INFORMATION SUPPLIED:

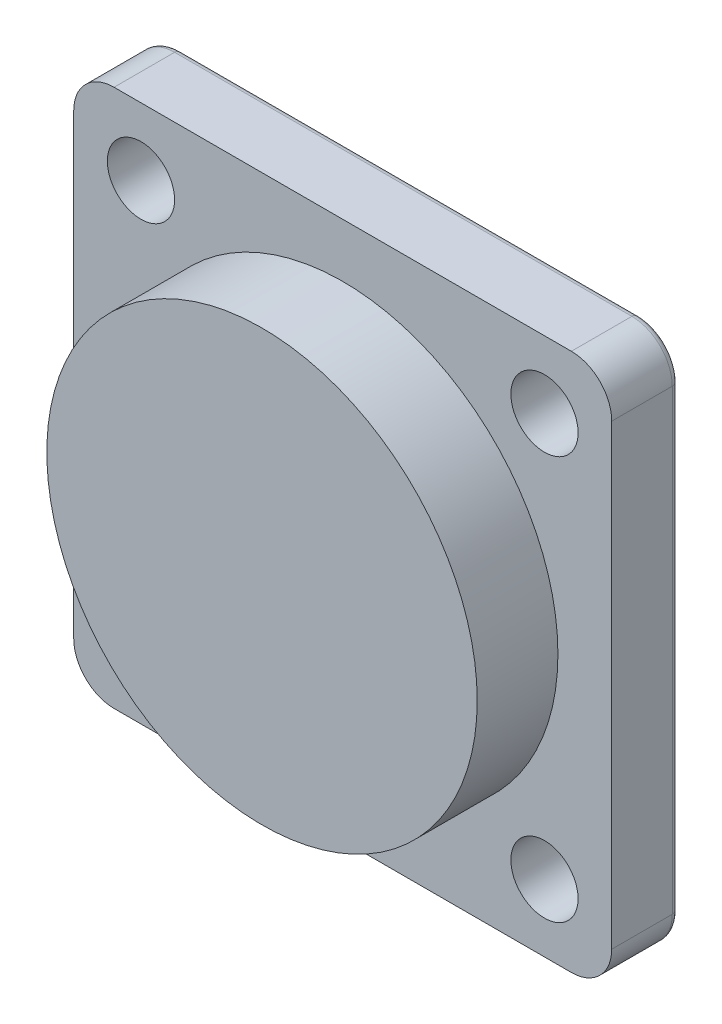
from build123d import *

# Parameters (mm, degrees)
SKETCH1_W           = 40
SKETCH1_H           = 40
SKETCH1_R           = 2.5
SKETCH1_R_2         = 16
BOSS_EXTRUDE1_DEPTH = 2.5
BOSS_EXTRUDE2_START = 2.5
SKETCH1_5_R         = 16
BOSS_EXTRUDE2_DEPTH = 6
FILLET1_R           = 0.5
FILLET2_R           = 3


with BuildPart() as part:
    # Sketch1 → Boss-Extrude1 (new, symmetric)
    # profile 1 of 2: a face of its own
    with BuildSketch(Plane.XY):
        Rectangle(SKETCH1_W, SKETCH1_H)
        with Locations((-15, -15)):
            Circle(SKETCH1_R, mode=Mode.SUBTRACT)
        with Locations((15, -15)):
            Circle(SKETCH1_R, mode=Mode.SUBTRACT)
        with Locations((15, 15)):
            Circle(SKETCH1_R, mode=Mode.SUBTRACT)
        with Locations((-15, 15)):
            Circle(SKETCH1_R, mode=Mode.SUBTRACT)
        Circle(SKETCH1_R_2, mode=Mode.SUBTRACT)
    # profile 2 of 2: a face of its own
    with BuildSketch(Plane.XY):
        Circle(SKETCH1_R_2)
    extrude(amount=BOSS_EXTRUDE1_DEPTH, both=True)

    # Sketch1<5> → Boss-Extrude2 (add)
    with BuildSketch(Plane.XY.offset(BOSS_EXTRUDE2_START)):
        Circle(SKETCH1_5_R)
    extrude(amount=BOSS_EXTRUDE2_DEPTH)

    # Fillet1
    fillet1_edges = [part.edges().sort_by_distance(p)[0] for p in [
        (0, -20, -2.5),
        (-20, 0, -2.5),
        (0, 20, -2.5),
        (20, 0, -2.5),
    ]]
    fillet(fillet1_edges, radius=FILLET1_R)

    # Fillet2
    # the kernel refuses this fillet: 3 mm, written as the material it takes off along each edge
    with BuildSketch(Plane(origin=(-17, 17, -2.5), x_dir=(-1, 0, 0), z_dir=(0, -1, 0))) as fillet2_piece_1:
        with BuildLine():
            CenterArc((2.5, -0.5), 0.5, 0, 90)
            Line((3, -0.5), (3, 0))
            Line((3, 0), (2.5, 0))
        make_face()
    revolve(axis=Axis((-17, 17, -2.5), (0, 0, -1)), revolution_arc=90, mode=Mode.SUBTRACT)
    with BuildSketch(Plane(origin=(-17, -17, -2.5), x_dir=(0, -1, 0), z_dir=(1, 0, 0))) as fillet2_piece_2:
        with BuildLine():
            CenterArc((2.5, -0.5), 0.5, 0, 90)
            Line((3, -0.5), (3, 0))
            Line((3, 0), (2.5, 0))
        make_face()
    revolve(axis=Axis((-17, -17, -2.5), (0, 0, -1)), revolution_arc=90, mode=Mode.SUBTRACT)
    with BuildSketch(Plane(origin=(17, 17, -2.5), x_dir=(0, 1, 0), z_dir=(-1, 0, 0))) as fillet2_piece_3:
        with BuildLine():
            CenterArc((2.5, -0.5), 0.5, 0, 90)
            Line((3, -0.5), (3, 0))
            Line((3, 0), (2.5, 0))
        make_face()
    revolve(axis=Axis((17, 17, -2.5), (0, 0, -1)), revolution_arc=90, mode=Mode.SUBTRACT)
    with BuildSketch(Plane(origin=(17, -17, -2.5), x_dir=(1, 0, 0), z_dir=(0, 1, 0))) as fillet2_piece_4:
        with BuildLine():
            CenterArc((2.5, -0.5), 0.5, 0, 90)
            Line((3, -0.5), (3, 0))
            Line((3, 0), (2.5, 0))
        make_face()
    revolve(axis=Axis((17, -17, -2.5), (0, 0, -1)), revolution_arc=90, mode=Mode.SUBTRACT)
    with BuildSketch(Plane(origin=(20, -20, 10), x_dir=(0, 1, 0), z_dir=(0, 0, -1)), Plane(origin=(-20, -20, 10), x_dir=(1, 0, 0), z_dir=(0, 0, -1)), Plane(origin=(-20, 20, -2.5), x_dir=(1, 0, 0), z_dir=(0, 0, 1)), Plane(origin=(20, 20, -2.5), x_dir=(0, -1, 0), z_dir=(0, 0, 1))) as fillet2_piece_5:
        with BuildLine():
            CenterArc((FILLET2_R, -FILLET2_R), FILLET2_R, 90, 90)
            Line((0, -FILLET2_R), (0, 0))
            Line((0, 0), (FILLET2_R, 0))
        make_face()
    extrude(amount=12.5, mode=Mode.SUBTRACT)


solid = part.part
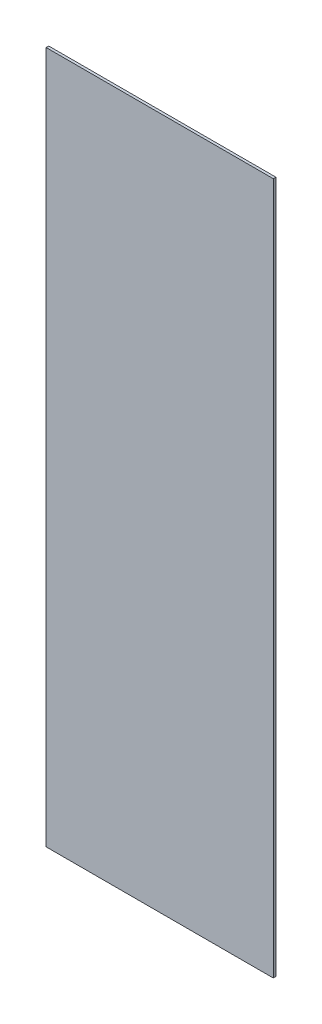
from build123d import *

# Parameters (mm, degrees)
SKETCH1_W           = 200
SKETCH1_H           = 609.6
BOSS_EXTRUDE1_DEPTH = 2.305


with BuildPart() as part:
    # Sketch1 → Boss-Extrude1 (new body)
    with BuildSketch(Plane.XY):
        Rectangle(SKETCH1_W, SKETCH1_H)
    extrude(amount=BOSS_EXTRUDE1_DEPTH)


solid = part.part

WORK ITEM: Line by line, restate the data above exactly as it stands, minus the pictures.

ANSWER SPACE:
from build123d import *

# Parameters (mm, degrees)
SKETCH1_W           = 40
SKETCH1_H           = 40
SKETCH1_R           = 2.5
SKETCH1_R_2         = 16
BOSS_EXTRUDE1_DEPTH = 2.5
BOSS_EXTRUDE2_START = 2.5
SKETCH1_5_R         = 16
BOSS_EXTRUDE2_DEPTH = 6
FILLET1_R           = 0.5
FILLET2_R           = 3


with BuildPart() as part:
    # Sketch1 → Boss-Extrude1 (new, symmetric)
    # profile 1 of 2: a face of its own
    with BuildSketch(Plane.XY):
        Rectangle(SKETCH1_W, SKETCH1_H)
        with Locations((-15, -15)):
            Circle(SKETCH1_R, mode=Mode.SUBTRACT)
        with Locations((15, -15)):
            Circle(SKETCH1_R, mode=Mode.SUBTRACT)
        with Locations((15, 15)):
            Circle(SKETCH1_R, mode=Mode.SUBTRACT)
        with Locations((-15, 15)):
            Circle(SKETCH1_R, mode=Mode.SUBTRACT)
        Circle(SKETCH1_R_2, mode=Mode.SUBTRACT)
    # profile 2 of 2: a face of its own
    with BuildSketch(Plane.XY):
        Circle(SKETCH1_R_2)
    extrude(amount=BOSS_EXTRUDE1_DEPTH, both=True)

    # Sketch1<5> → Boss-Extrude2 (add)
    with BuildSketch(Plane.XY.offset(BOSS_EXTRUDE2_START)):
        Circle(SKETCH1_5_R)
    extrude(amount=BOSS_EXTRUDE2_DEPTH)

    # Fillet1
    fillet1_edges = [part.edges().sort_by_distance(p)[0] for p in [
        (0, -20, -2.5),
        (-20, 0, -2.5),
        (0, 20, -2.5),
        (20, 0, -2.5),
    ]]
    fillet(fillet1_edges, radius=FILLET1_R)

    # Fillet2
    # the kernel refuses this fillet: 3 mm, written as the material it takes off along each edge
    with BuildSketch(Plane(origin=(-17, 17, -2.5), x_dir=(-1, 0, 0), z_dir=(0, -1, 0))) as fillet2_piece_1:
        with BuildLine():
            CenterArc((2.5, -0.5), 0.5, 0, 90)
            Line((3, -0.5), (3, 0))
            Line((3, 0), (2.5, 0))
        make_face()
    revolve(axis=Axis((-17, 17, -2.5), (0, 0, -1)), revolution_arc=90, mode=Mode.SUBTRACT)
    with BuildSketch(Plane(origin=(-17, -17, -2.5), x_dir=(0, -1, 0), z_dir=(1, 0, 0))) as fillet2_piece_2:
        with BuildLine():
            CenterArc((2.5, -0.5), 0.5, 0, 90)
            Line((3, -0.5), (3, 0))
            Line((3, 0), (2.5, 0))
        make_face()
    revolve(axis=Axis((-17, -17, -2.5), (0, 0, -1)), revolution_arc=90, mode=Mode.SUBTRACT)
    with BuildSketch(Plane(origin=(17, 17, -2.5), x_dir=(0, 1, 0), z_dir=(-1, 0, 0))) as fillet2_piece_3:
        with BuildLine():
            CenterArc((2.5, -0.5), 0.5, 0, 90)
            Line((3, -0.5), (3, 0))
            Line((3, 0), (2.5, 0))
        make_face()
    revolve(axis=Axis((17, 17, -2.5), (0, 0, -1)), revolution_arc=90, mode=Mode.SUBTRACT)
    with BuildSketch(Plane(origin=(17, -17, -2.5), x_dir=(1, 0, 0), z_dir=(0, 1, 0))) as fillet2_piece_4:
        with BuildLine():
            CenterArc((2.5, -0.5), 0.5, 0, 90)
            Line((3, -0.5), (3, 0))
            Line((3, 0), (2.5, 0))
        make_face()
    revolve(axis=Axis((17, -17, -2.5), (0, 0, -1)), revolution_arc=90, mode=Mode.SUBTRACT)
    with BuildSketch(Plane(origin=(20, -20, 10), x_dir=(0, 1, 0), z_dir=(0, 0, -1)), Plane(origin=(-20, -20, 10), x_dir=(1, 0, 0), z_dir=(0, 0, -1)), Plane(origin=(-20, 20, -2.5), x_dir=(1, 0, 0), z_dir=(0, 0, 1)), Plane(origin=(20, 20, -2.5), x_dir=(0, -1, 0), z_dir=(0, 0, 1))) as fillet2_piece_5:
        with BuildLine():
            CenterArc((FILLET2_R, -FILLET2_R), FILLET2_R, 90, 90)
            Line((0, -FILLET2_R), (0, 0))
            Line((0, 0), (FILLET2_R, 0))
        make_face()
    extrude(amount=12.5, mode=Mode.SUBTRACT)


solid = part.part
from build123d import *

# Parameters (mm, degrees)
SKETCH1_W           = 200
SKETCH1_H           = 609.6
BOSS_EXTRUDE1_DEPTH = 2.305


with BuildPart() as part:
    # Sketch1 → Boss-Extrude1 (new body)
    with BuildSketch(Plane.XY):
        Rectangle(SKETCH1_W, SKETCH1_H)
    extrude(amount=BOSS_EXTRUDE1_DEPTH)


solid = part.part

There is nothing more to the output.